Camping World just went public late last year, but the nation's largest network of RV-centric retail locations has been an industry leader since 1966, and its comprehensive suite of new and used vehicles, and services for them, continues to push it higher. In its just-reported first-quarter earnings results, Camping World said revenues jumped 11% to $883 million with profits surging nearly 50% to $31.6 million, or $0.38 per share, handily beating Wall Street estimates on both counts.

Now it's taking on the challenge of turning around Gander Mountain, which it (along with a group of liquidators) won in a bankruptcy auction for about $390 million. At first glance, it might seem to be an incongruous purchase, but there's a lot of demographic and interest overlap between the RV business and the outdoors gear niche. Included in the Gander Mountain acquisition was its Overton's Boating & Watersports business.

Camping World bought the sporting goods chain on the cheap, which gives it the chance to clear out a lot of the unprofitable merchandise from inventory and start clean, then layer in its own Camping World products on top. In all, Camping World says it plans to operate some 70 Gander Mountain stores.

The sporting goods segment has been undergoing consolidation following a string of bankruptcies, including Sports Authority, Sports Chalet, and Eastern Mountain Sports.

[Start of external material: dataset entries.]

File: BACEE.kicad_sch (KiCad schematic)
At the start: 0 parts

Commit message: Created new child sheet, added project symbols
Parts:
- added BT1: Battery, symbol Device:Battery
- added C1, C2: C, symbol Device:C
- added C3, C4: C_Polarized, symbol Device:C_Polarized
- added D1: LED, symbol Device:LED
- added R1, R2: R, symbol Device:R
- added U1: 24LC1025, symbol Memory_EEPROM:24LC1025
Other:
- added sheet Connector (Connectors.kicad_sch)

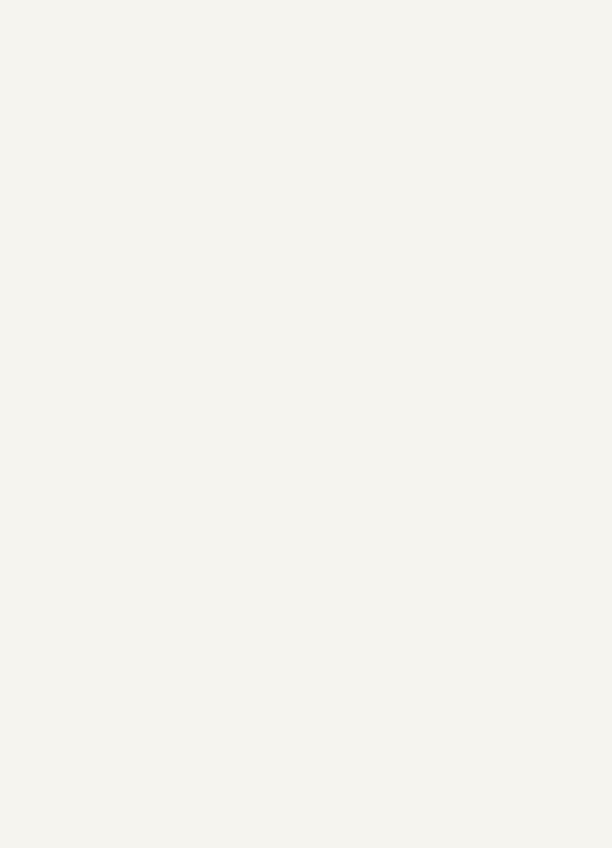
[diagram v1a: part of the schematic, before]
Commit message: Added symbol for ATMEGA328P-AU
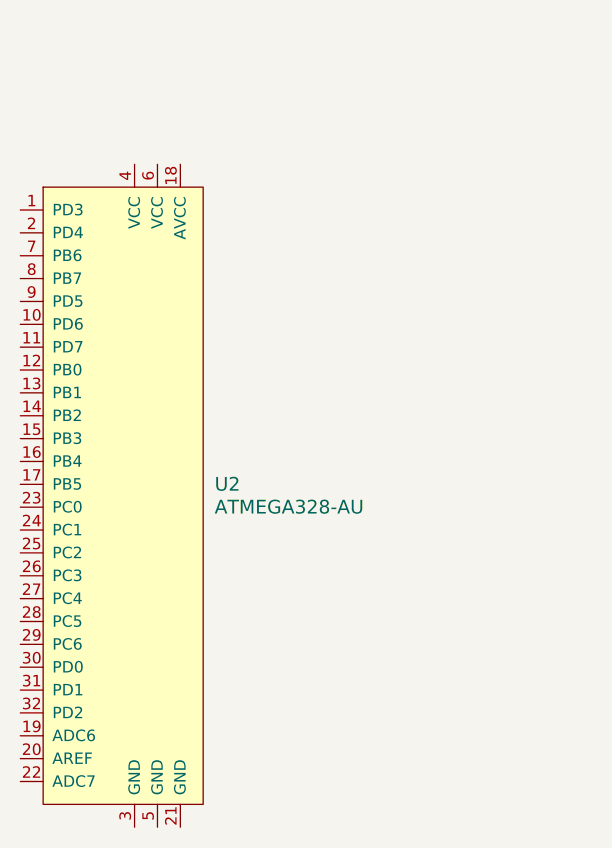
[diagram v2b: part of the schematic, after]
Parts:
- added U2: ATMEGA328-AU, digikey-footprints:TQFP-32_7x7mm, symbol dk_Embedded-Microcontrollers:ATMEGA328-AU
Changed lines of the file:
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@@
+	)
+	(symbol
+		(lib_id "dk_Embedded-Microcontrollers:ATMEGA328-AU")
+		(at 76.2 127 0)
+		(unit 1)
+		(exclude_from_sim no)
+		(in_bom yes)
+		(on_board yes)
+		(dnp no)
+		(fields_autoplaced yes)
+		(property "Reference" "U2"
+			(at 85.09 147.3199 0)
+			(effects
+				(font
+					(size 1.524 1.524)
+				)
+				(justify left)
+			)
+		)
+		(property "Value" "ATMEGA328-AU"
+			(at 85.09 149.8599 0)
+			(effects
+				(font
+					(size 1.524 1.524)
+				)
+				(justify left)
+			)
+		)
+		(property "Footprint" "digikey-footprints:TQFP-32_7x7mm"
+			(at 81.28 121.92 0)
+			(effects
+				(font
+					(size 1.524 1.524)
+				)
+				(justify left)
+				(hide yes)
+			)
+		)
+		(property "Datasheet" "http://www.microchip.com/mymicrochip/filehandler.aspx?ddocname=en608326"
+			(at 81.28 119.38 0)
+			(effects
+				(font
+					(size 1.524 1.524)
+				)
+				(justify left)
+				(hide yes)
+			)
+		)
+		(property "Description" "IC MCU 8BIT 32KB FLASH 32TQFP"
+			(at 76.2 127 0)
+			(effects
+				(font
+					(size 1.27 1.27)
+				)
+				(hide yes)
+			)
+		)
+		(property "Digi-Key_PN" "ATMEGA328-AU-ND"
+			(at 81.28 116.84 0)
+			(effects
+				(font
+					(size 1.524 1.524)
+				)
+				(justify left)
+				(hide yes)
+			)
+		)
+		(property "MPN" "ATMEGA328-AU"
+			(at 81.28 114.3 0)
+			(effects
+				(font
+					(size 1.524 1.524)
+				)
+				(justify left)
+				(hide yes)
+			)
+		)
+		(property "Category" "Integrated Circuits (ICs)"
+			(at 81.28 111.76 0)
+			(effects
+				(font
+					(size 1.524 1.524)
+				)
+				(justify left)
+				(hide yes)
+			)
+		)
+		(property "Family" "Embedded - Microcontrollers"
+			(at 81.28 109.22 0)
+			(effects
+				(font
+					(size 1.524 1.524)
+				)
+				(justify left)
+				(hide yes)
+			)
+		)
+		(property "DK_Datasheet_Link" "http://www.microchip.com/mymicrochip/filehandler.aspx?ddocname=en608326"
+			(at 81.28 106.68 0)
+			(effects
+				(font
+					(size 1.524 1.524)
+				)
+				(justify left)
+				(hide yes)
+			)
+		)
+		(property "DK_Detail_Page" "/product-detail/en/microchip-technology/ATMEGA328-AU/ATMEGA328-AU-ND/2271029"
+			(at 81.28 104.14 0)
+			(effects
+				(font
+					(size 1.524 1.524)
+				)
+				(justify left)
+				(hide yes)
+			)
+		)
+		(property "Description_1" "IC MCU 8BIT 32KB FLASH 32TQFP"
+			(at 81.28 101.6 0)
+			(effects
+				(font
+					(size 1.524 1.524)
+				)
+				(justify left)
+				(hide yes)
+			)
+		)
+		(property "Manufacturer" "Microchip Technology"
+			(at 81.28 99.06 0)
+			(effects
+				(font
+					(size 1.524 1.524)
+				)
+				(justify left)
+				(hide yes)
+			)
+		)
+		(property "Status" "Active"
+			(at 81.28 96.52 0)
+			(effects
+				(font
+					(size 1.524 1.524)
+				)
+				(justify left)
+				(hide yes)
+			)
+		)
+		(pin "15"
+		)
+		(pin "2"
+		)
+		(pin "8"
+		)
+		(pin "25"
+		)
+		(pin "21"
+		)
+		(pin "11"
+		)
+		(pin "9"
+		)
+		(pin "14"
+		)
+		(pin "13"
+		)
+		(pin "12"
+		)
+		(pin "27"
+		)
+		(pin "20"
+		)
+		(pin "17"
+		)
+		(pin "16"
+		)
+		(pin "30"
+		)
+		(pin "22"
+		)
+		(pin "6"
+		)
+		(pin "5"
+		)
+		(pin "23"
+		)
+		(pin "28"
+		)
+		(pin "31"
+		)
+		(pin "32"
+		)
+		(pin "4"
+		)
+		(pin "19"
+		)
+		(pin "10"
+		)
+		(pin "29"
+		)
+		(pin "7"
+		)
+		(pin "26"
+		)
+		(pin "18"
+		)
+		(pin "24"
+		)
+		(pin "1"
+		)
+		(pin "3"
+		)
+		(instances
+			(project ""
+				(path "/6ce24059-c414-47b5-8b66-25e9f97a79bc"
+					(reference "U2")
+					(unit 1)
+				)
+			)
+		)
 	)
 	(symbol

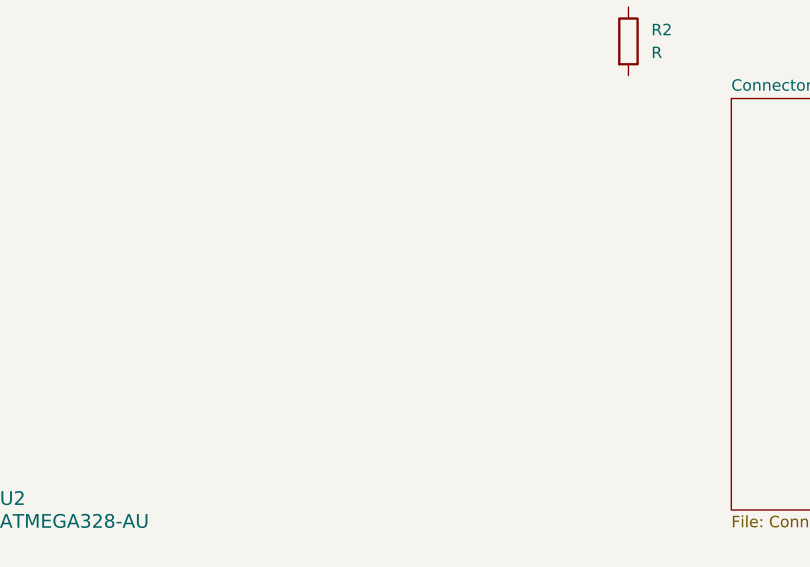
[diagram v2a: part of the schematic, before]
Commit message: Added custom clock IC symbol
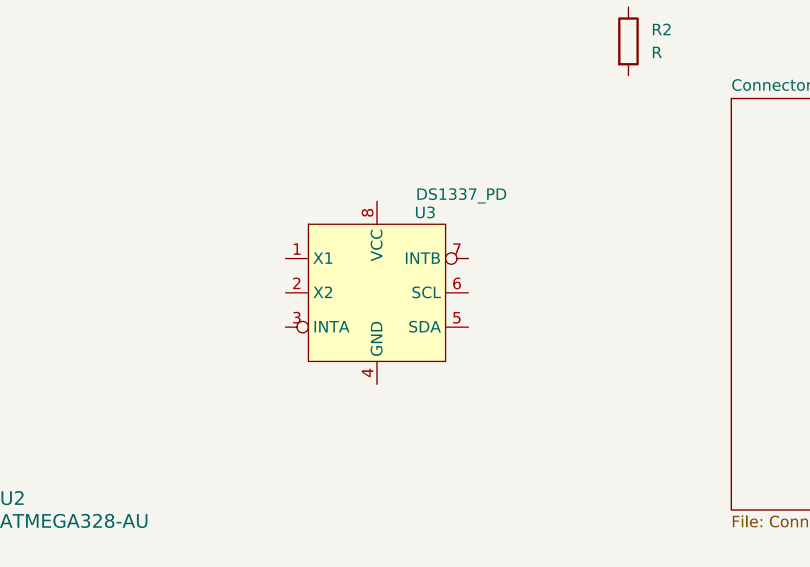
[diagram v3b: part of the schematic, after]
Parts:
- added U3: DS1337_PD, symbol Gathonjia:DS1337_PD
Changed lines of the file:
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@@
+	)
+	(symbol
+		(lib_id "Gathonjia:DS1337_PD")
+		(at 127 124.46 0)
+		(unit 1)
+		(exclude_from_sim no)
+		(in_bom yes)
+		(on_board yes)
+		(dnp no)
+		(property "Reference" "U3"
+			(at 131.1753 115.57 0)
+			(effects
+				(font
+					(size 1.27 1.27)
+				)
+				(justify left)
+			)
+		)
+		(property "Value" "DS1337_PD"
+			(at 131.318 113.538 0)
+			(effects
+				(font
+					(size 1.27 1.27)
+				)
+				(justify left)
+			)
+		)
+		(property "Footprint" ""
+			(at 127 124.46 0)
+			(effects
+				(font
+					(size 1.27 1.27)
+				)
+				(hide yes)
+			)
+		)
+		(property "Datasheet" ""
+			(at 127 124.46 0)
+			(effects
+				(font
+					(size 1.27 1.27)
+				)
+				(hide yes)
+			)
+		)
+		(property "Description" ""
+			(at 127 124.46 0)
+			(effects
+				(font
+					(size 1.27 1.27)
+				)
+				(hide yes)
+			)
+		)
+		(pin "3"
+		)
+		(pin "5"
+		)
+		(pin "8"
+		)
+		(pin "4"
+		)
+		(pin "2"
+		)
+		(pin "1"
+		)
+		(pin "7"
+		)
+		(pin "6"
+		)
+		(instances
+			(project ""
+				(path "/6ce24059-c414-47b5-8b66-25e9f97a79bc"
+					(reference "U3")
+					(unit 1)
+				)
+			)
+		)
 	)
 	(symbol

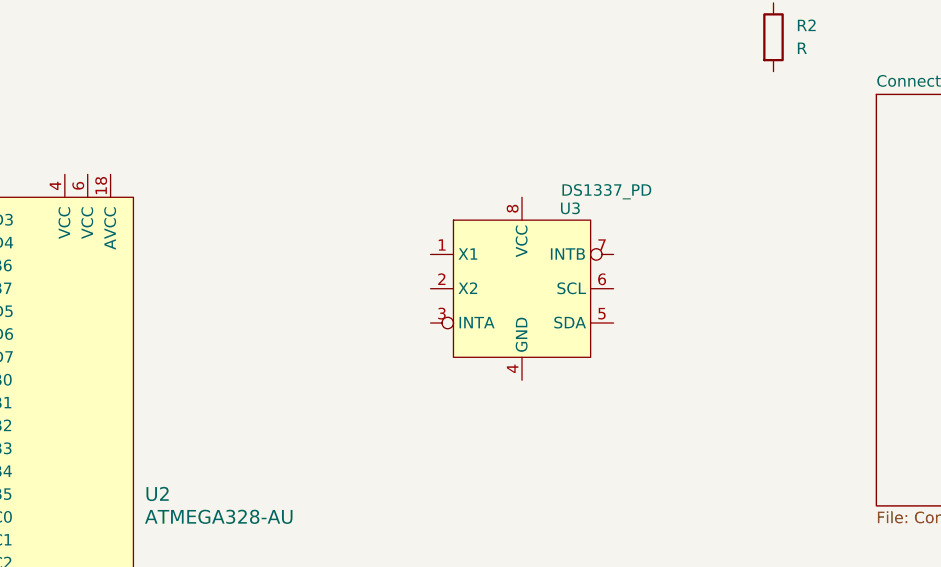
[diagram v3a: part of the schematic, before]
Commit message: Added missing crystals
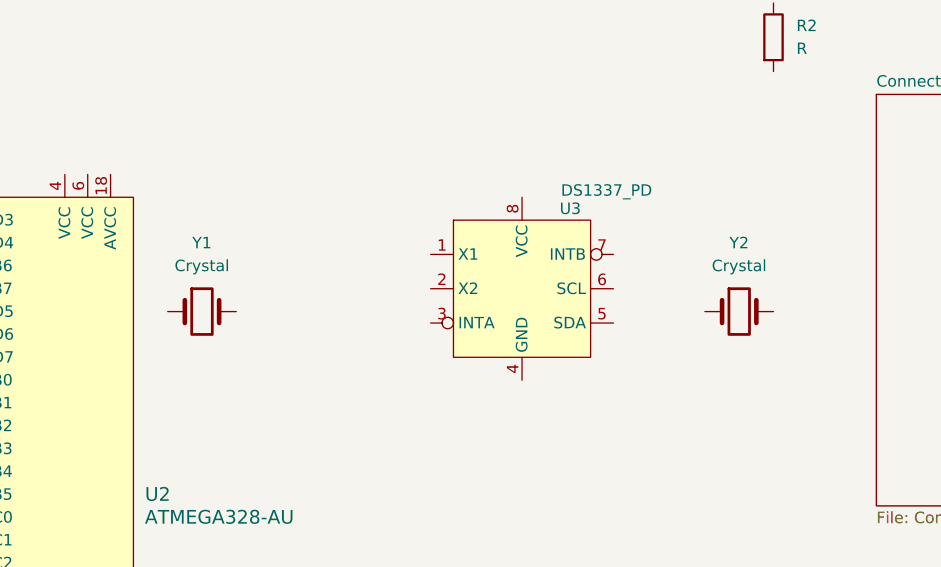
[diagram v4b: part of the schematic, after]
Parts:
- added Y1, Y2: Crystal, symbol Device:Crystal
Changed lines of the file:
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@@
+	)
+	(symbol
+		(lib_id "Device:Crystal")
+		(at 151.13 127 0)
+		(unit 1)
+		(exclude_from_sim no)
+		(in_bom yes)
+		(on_board yes)
+		(dnp no)
+		(fields_autoplaced yes)
+		(property "Reference" "Y2"
+			(at 151.13 119.38 0)
+			(effects
+				(font
+					(size 1.27 1.27)
+				)
+			)
+		)
+		(property "Value" "Crystal"
+			(at 151.13 121.92 0)
+			(effects
+				(font
+					(size 1.27 1.27)
+				)
+			)
+		)
+		(property "Footprint" ""
+			(at 151.13 127 0)
+			(effects
+				(font
+					(size 1.27 1.27)
+				)
+				(hide yes)
+			)
+		)
+		(property "Datasheet" "~"
+			(at 151.13 127 0)
+			(effects
+				(font
+					(size 1.27 1.27)
+				)
+				(hide yes)
+			)
+		)
+		(property "Description" "Two pin crystal"
+			(at 151.13 127 0)
+			(effects
+				(font
+					(size 1.27 1.27)
+				)
+				(hide yes)
+			)
+		)
+		(pin "2"
+		)
+		(pin "1"
+		)
+		(instances
+			(project "BACEE"
+				(path "/6ce24059-c414-47b5-8b66-25e9f97a79bc"
+					(reference "Y2")
+					(unit 1)
+				)
+			)
+		)
 	)
 	(symbol
@@
 					(unit 1)
 				)
+			)
+		)
+	)
+	(symbol
+		(lib_id "Device:Crystal")
+		(at 91.44 127 0)
+		(unit 1)
+		(exclude_from_sim no)
+		(in_bom yes)
+		(on_board yes)
+		(dnp no)
+		(fields_autoplaced yes)
+		(property "Reference" "Y1"
+			(at 91.44 119.38 0)
+			(effects
+				(font
+					(size 1.27 1.27)
+				)
+			)
+		)
+		(property "Value" "Crystal"
+			(at 91.44 121.92 0)
+			(effects
+				(font
+					(size 1.27 1.27)
+				)
+			)
+		)
+		(property "Footprint" ""
+			(at 91.44 127 0)
+			(effects
+				(font
+					(size 1.27 1.27)
+				)
+				(hide yes)
+			)
+		)
+		(property "Datasheet" "~"
+			(at 91.44 127 0)
+			(effects
+				(font
+					(size 1.27 1.27)
+				)
+				(hide yes)
+			)
+		)
+		(property "Description" "Two pin crystal"
+			(at 91.44 127 0)
+			(effects
+				(font
+					(size 1.27 1.27)
+				)
+				(hide yes)
+			)
+		)
+		(pin "2"
+		)
+		(pin "1"
+		)
+		(instances
+			(project ""
+				(path "/6ce24059-c414-47b5-8b66-25e9f97a79bc"
+					(reference "Y1")
+					(unit 1)
+				)

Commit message: Arranged symbols
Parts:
- removed C4: C_Polarized, symbol Device:C_Polarized
- added U4: 24LC1025, symbol Memory_EEPROM:24LC1025
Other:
- moved on the sheet: BT1, C1, C2, C3, D1, R1, R2, U1, U2, U3, Y1, Y2

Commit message: Assigned the footprints
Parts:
- BT1: footprint (none) -> Connector_PinHeader_2.54mm:PinHeader_1x02_P2.54mm_Vertical
- C1, C2, C3: footprint (none) -> Capacitor_SMD:C_0805_2012Metric_Pad1.18x1.45mm_HandSolder
- D1: footprint (none) -> LED_SMD:LED_0805_2012Metric_Pad1.15x1.40mm_HandSolder
- R1, R2: footprint (none) -> Resistor_SMD:R_0805_2012Metric_Pad1.20x1.40mm_HandSolder
- U1: footprint (none) -> Package_SO:SOIC-8_5.3x5.3mm_P1.27mm
- U2: renamed from U4; footprint (none) -> Package_SO:SOIC-8_5.3x5.3mm_P1.27mm
- U3: footprint (none) -> Package_SO:SOIC-8_3.9x4.9mm_P1.27mm
- Y1: footprint (none) -> Crystal:Crystal_SMD_MicroCrystal_CC7V-T1A-2Pin_3.2x1.5mm
- Y2: footprint (none) -> Crystal:Crystal_SMD_5032-2Pin_5.0x3.2mm_HandSoldering
- renumbered U2 to U4
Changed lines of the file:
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@@
 		(dnp no)
 		(fields_autoplaced yes)
-		(property "Reference" "U2"
+		(property "Reference" "U4"
 			(at 184.15 88.8999 0)
 			(effects
@@
 			(project ""
 				(path "/6ce24059-c414-47b5-8b66-25e9f97a79bc"
-					(reference "U2")
+					(reference "U4")
 					(unit 1)
 				)
@@
 			)
 		)
-		(property "Footprint" ""
+		(property "Footprint" "Connector_PinHeader_2.54mm:PinHeader_1x02_P2.54mm_Vertical"
 			(at 215.9 68.326 90)
 			(effects
@@
 			)
 		)
-		(property "Footprint" ""
+		(property "Footprint" "Capacitor_SMD:C_0805_2012Metric_Pad1.18x1.45mm_HandSolder"
 			(at 110.1852 69.85 0)
 			(effects
@@
 			)
 		)
-		(property "Footprint" ""
+		(property "Footprint" "Resistor_SMD:R_0805_2012Metric_Pad1.20x1.40mm_HandSolder"
 			(at 140.462 109.22 90)
 			(effects
@@
 			)
 		)
-		(property "Footprint" ""
+		(property "Footprint" "LED_SMD:LED_0805_2012Metric_Pad1.15x1.40mm_HandSolder"
 			(at 140.97 83.82 0)
 			(effects
@@
 			)
 		)
-		(property "Footprint" ""
+		(property "Footprint" "Crystal:Crystal_SMD_5032-2Pin_5.0x3.2mm_HandSoldering"
 			(at 135.89 66.04 0)
 			(effects
@@
 			)
 		)
-		(property "Footprint" ""
+		(property "Footprint" "Capacitor_SMD:C_0805_2012Metric_Pad1.18x1.45mm_HandSolder"
 			(at 110.1852 82.55 0)
 			(effects
@@
 			)
 		)
-		(property "Footprint" ""
+		(property "Footprint" "Resistor_SMD:R_0805_2012Metric_Pad1.20x1.40mm_HandSolder"
 			(at 123.952 92.71 90)
 			(effects
@@
 			)
 		)
-		(property "Footprint" ""
+		(property "Footprint" "Crystal:Crystal_SMD_MicroCrystal_CC7V-T1A-2Pin_3.2x1.5mm"
 			(at 26.67 73.66 0)
 			(effects
@@
 		(dnp no)
 		(fields_autoplaced yes)
-		(property "Reference" "U4"
+		(property "Reference" "U2"
 			(at 68.1833 165.1 0)
 			(effects
@@
 			)
 		)
-		(property "Footprint" ""
+		(property "Footprint" "Package_SO:SOIC-8_5.3x5.3mm_P1.27mm"
 			(at 66.04 175.26 0)
 			(effects
@@
 			(project "BACEE"
 				(path "/6ce24059-c414-47b5-8b66-25e9f97a79bc"
-					(reference "U4")
+					(reference "U2")
 					(unit 1)
 				)
@@
 			)
 		)
-		(property "Footprint" ""
+		(property "Footprint" "Capacitor_SMD:C_0805_2012Metric_Pad1.18x1.45mm_HandSolder"
 			(at 229.5652 90.17 0)
 			(effects
@@
 			)
 		)
-		(property "Footprint" ""
+		(property "Footprint" "Package_SO:SOIC-8_5.3x5.3mm_P1.27mm"
 			(at 64.77 149.86 0)
 			(effects
@@
 			)
 		)
-		(property "Footprint" ""
+		(property "Footprint" "Package_SO:SOIC-8_3.9x4.9mm_P1.27mm"
 			(at 49.53 77.47 0)
 			(effects

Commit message: Completed adding components values
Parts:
- BT1: value Battery -> Battery 3V
- C1, C2: value C -> 22pF
- C3: value C_Polarized -> 10uF
- R1: value R -> 330Ohm
- R2: value R -> 10KOhm
- U3: value DS1337_PD -> DS13375+
- Y1: value Crystal -> 32MHz
- Y2: value Crystal -> 16MHz
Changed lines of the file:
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@@
 			)
 		)
-		(property "Value" "Battery"
+		(property "Value" "Battery 3V"
 			(at 219.71 70.5484 0)
 			(effects
@@
 			)
 		)
-		(property "Value" "C"
+		(property "Value" "22pF"
 			(at 113.03 67.3099 0)
 			(effects
@@
 			)
 		)
-		(property "Value" "R"
+		(property "Value" "10KOhm"
 			(at 144.78 110.4899 0)
 			(effects
@@
 			)
 		)
-		(property "Value" "Crystal"
+		(property "Value" "16MHz"
 			(at 135.89 60.96 0)
 			(effects
@@
 			)
 		)
-		(property "Value" "C"
+		(property "Value" "22pF"
 			(at 113.03 80.0099 0)
 			(effects
@@
 			)
 		)
-		(property "Value" "R"
+		(property "Value" "330Ohm"
 			(at 128.27 93.9799 0)
 			(effects
@@
 			)
 		)
-		(property "Value" "Crystal"
+		(property "Value" "32MHz"
 			(at 26.67 68.58 0)
 			(effects
@@
 			)
 		)
-		(property "Value" "C_Polarized"
+		(property "Value" "10uF"
 			(at 232.41 86.7409 0)
 			(effects
@@
 			)
 		)
-		(property "Value" "DS1337_PD"
+		(property "Value" "DS13375+"
 			(at 53.848 66.548 0)
 			(effects

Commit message: Completed wiring in child sheet
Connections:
- net GND: now also U4.21 (GND), U4.3 (GND), U4.5 (GND)
- net D3: now reaches U4.1 (PD3)
- net D6: now reaches U4.10 (PD6)
- net D7: now reaches U4.11 (PD7)
- net D8: now reaches U4.12 (PB0)
- net MOSI: now reaches U4.15 (PB3)
- net MISO: now reaches U4.16 (PB4)
- net SCK: now reaches U4.17 (PB5)
- net VCC: now reaches U4.18 (AVCC)
- net VCC: now also U4.4 (VCC), U4.6 (VCC)
- net D4: now reaches U4.2 (PD4)
- net SDA: now reaches U4.27 (PC4)
- net RESET: now reaches U4.29 (PC6)
- net RX: now reaches U4.30 (PD0)
- net TX: now reaches U4.31 (PD1)
- net D2: now reaches U4.32 (PD2)
- net D5: now reaches U4.9 (PD5)
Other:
- sheet Connector ports: added D2, D3, D4, D5, D6, D7, D8, GND, MISO, MOSI, RESET, RX, SCK, SDA, TX, VCC; removed none

Cabela's is in the process of being acquired by Bass Pro Shops.

Camping World trades at just 12 times earnings and 15 times estimates, and a deeply discounted 9 times free cash flow. With a very modest dividend that currently yields 1%, the RV leader is primed for an ambitious period of growth.

A biotech that even value investors can learn to love

Brian Feroldi (Jazz Pharmacetuicals): The vast majority of biotech companies are unprofitable, which is a big reason that most value investors avoid the sector like the plague. However, Jazz Pharmaceuticals isn't your typical biotech stock. This company is highly profitable, holds lots of growth potential, and trades at a discounted valuation. That's a combination most value investors dream about.

While Jazz has a few drugs on the market, its cash cow is the sleep disorder treatment Xyrem. Xyrem's sales continue to grow at double-digit percentage rates, and the company just announced a deal with a generic drug maker that should help to protect Xyrem's profits for several years.

Like any good biotech, Jazz's long-term growth potential is all about its pipeline. Thankfully, it has a number of intriguing late-stage drug candidates in development. These include several candidates to complement its core sleep franchise, among them compounds currently known simply as JZP-110, JZP-258, and JZP-507. There's also Vyxeos, a hopeful treatment for acute myeloid leukemia (AML). Several of these drugs promise nine-figure annual sales potential and a few of them could be on the market within the next 24 months.

Between its already-approved products and its late-stage pipeline, Wall Street expects Jazz's EPS to grow by more than 17% annually over the next five years. Despite that potential, Jazz's shares are currently trading for less than 12 times next year's earnings estimates, due to fears of regulatory failure and encroaching generic competition. While those risks shouldn't be ignored, I think that Jazz's upside potential and cheap valuation make it an ideal stock for ambitious investors to get to know.